** Opening INPUT FOR THIS TASK block **
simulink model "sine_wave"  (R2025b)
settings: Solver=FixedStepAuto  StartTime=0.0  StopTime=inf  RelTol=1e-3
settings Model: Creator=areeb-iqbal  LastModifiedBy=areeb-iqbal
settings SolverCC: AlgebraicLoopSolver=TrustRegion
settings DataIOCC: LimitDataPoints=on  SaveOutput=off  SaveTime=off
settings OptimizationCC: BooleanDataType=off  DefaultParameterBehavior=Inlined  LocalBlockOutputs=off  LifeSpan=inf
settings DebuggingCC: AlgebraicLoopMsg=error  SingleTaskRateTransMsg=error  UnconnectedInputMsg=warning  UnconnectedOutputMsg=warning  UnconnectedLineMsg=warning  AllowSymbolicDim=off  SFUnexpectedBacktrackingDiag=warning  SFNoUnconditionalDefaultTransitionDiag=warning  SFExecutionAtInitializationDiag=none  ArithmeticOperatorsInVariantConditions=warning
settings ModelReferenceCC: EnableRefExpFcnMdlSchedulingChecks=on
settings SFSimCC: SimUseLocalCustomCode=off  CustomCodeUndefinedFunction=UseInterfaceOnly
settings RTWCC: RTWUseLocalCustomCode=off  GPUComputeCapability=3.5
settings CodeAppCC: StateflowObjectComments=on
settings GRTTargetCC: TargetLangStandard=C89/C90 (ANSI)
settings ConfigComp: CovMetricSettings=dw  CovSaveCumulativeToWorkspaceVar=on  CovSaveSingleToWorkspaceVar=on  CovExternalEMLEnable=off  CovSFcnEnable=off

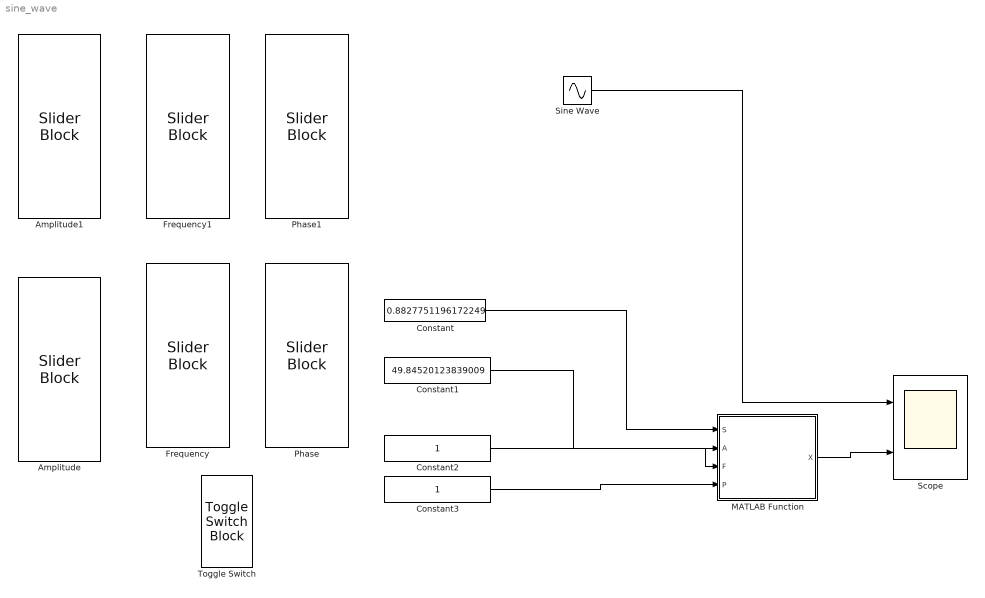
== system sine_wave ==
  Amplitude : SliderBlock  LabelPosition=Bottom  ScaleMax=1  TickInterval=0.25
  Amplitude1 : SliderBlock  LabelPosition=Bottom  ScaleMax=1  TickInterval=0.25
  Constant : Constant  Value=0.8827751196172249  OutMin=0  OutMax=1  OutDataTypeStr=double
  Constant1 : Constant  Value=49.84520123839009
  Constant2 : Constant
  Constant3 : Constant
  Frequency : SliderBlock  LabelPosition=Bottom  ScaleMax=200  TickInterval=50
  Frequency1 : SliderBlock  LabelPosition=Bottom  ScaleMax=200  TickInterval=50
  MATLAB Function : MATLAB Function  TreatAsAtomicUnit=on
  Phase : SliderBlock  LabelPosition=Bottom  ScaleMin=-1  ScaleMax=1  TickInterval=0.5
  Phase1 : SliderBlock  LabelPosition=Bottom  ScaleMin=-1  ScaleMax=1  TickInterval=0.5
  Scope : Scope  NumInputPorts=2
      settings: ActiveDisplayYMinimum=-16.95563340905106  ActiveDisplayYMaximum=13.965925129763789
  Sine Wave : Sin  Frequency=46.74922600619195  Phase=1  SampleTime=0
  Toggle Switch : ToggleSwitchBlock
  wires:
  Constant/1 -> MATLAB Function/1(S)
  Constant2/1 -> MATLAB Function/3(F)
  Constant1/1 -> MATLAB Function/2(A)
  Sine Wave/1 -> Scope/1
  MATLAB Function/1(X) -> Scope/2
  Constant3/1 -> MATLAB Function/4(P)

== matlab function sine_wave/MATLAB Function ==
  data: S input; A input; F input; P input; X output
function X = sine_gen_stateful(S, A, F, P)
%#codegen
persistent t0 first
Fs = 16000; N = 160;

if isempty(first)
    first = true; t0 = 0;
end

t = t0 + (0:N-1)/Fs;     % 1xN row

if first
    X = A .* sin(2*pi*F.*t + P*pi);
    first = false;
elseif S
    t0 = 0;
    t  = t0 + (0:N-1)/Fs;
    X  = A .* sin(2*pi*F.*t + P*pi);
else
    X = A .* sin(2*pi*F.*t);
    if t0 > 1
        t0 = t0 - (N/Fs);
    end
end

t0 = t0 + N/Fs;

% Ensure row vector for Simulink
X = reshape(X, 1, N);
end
** Closing INPUT FOR THIS TASK block **
▸ ASSIGNED TASK
Could you write out the records again exactly, without any of their pictures?

▸ RESPONSE AREA
simulink model "sine_wave"  (R2025b)
settings: Solver=FixedStepAuto  StartTime=0.0  StopTime=inf  RelTol=1e-3
settings Model: Creator=areeb-iqbal  LastModifiedBy=areeb-iqbal
settings SolverCC: AlgebraicLoopSolver=TrustRegion
settings DataIOCC: LimitDataPoints=on  SaveOutput=off  SaveTime=off
settings OptimizationCC: BooleanDataType=off  DefaultParameterBehavior=Inlined  LocalBlockOutputs=off  LifeSpan=inf
settings DebuggingCC: AlgebraicLoopMsg=error  SingleTaskRateTransMsg=error  UnconnectedInputMsg=warning  UnconnectedOutputMsg=warning  UnconnectedLineMsg=warning  AllowSymbolicDim=off  SFUnexpectedBacktrackingDiag=warning  SFNoUnconditionalDefaultTransitionDiag=warning  SFExecutionAtInitializationDiag=none  ArithmeticOperatorsInVariantConditions=warning
settings ModelReferenceCC: EnableRefExpFcnMdlSchedulingChecks=on
settings SFSimCC: SimUseLocalCustomCode=off  CustomCodeUndefinedFunction=UseInterfaceOnly
settings RTWCC: RTWUseLocalCustomCode=off  GPUComputeCapability=3.5
settings CodeAppCC: StateflowObjectComments=on
settings GRTTargetCC: TargetLangStandard=C89/C90 (ANSI)
settings ConfigComp: CovMetricSettings=dw  CovSaveCumulativeToWorkspaceVar=on  CovSaveSingleToWorkspaceVar=on  CovExternalEMLEnable=off  CovSFcnEnable=off

== system sine_wave ==
  Amplitude : SliderBlock  LabelPosition=Bottom  ScaleMax=1  TickInterval=0.25
  Amplitude1 : SliderBlock  LabelPosition=Bottom  ScaleMax=1  TickInterval=0.25
  Constant : Constant  Value=0.8827751196172249  OutMin=0  OutMax=1  OutDataTypeStr=double
  Constant1 : Constant  Value=49.84520123839009
  Constant2 : Constant
  Constant3 : Constant
  Frequency : SliderBlock  LabelPosition=Bottom  ScaleMax=200  TickInterval=50
  Frequency1 : SliderBlock  LabelPosition=Bottom  ScaleMax=200  TickInterval=50
  MATLAB Function : MATLAB Function  TreatAsAtomicUnit=on
  Phase : SliderBlock  LabelPosition=Bottom  ScaleMin=-1  ScaleMax=1  TickInterval=0.5
  Phase1 : SliderBlock  LabelPosition=Bottom  ScaleMin=-1  ScaleMax=1  TickInterval=0.5
  Scope : Scope  NumInputPorts=2
      settings: ActiveDisplayYMinimum=-16.95563340905106  ActiveDisplayYMaximum=13.965925129763789
  Sine Wave : Sin  Frequency=46.74922600619195  Phase=1  SampleTime=0
  Toggle Switch : ToggleSwitchBlock
  wires:
  Constant/1 -> MATLAB Function/1(S)
  Constant2/1 -> MATLAB Function/3(F)
  Constant1/1 -> MATLAB Function/2(A)
  Sine Wave/1 -> Scope/1
  MATLAB Function/1(X) -> Scope/2
  Constant3/1 -> MATLAB Function/4(P)

== matlab function sine_wave/MATLAB Function ==
  data: S input; A input; F input; P input; X output
function X = sine_gen_stateful(S, A, F, P)
%#codegen
persistent t0 first
Fs = 16000; N = 160;

if isempty(first)
    first = true; t0 = 0;
end

t = t0 + (0:N-1)/Fs;     % 1xN row

if first
    X = A .* sin(2*pi*F.*t + P*pi);
    first = false;
elseif S
    t0 = 0;
    t  = t0 + (0:N-1)/Fs;
    X  = A .* sin(2*pi*F.*t + P*pi);
else
    X = A .* sin(2*pi*F.*t);
    if t0 > 1
        t0 = t0 - (N/Fs);
    end
end

t0 = t0 + N/Fs;

% Ensure row vector for Simulink
X = reshape(X, 1, N);
end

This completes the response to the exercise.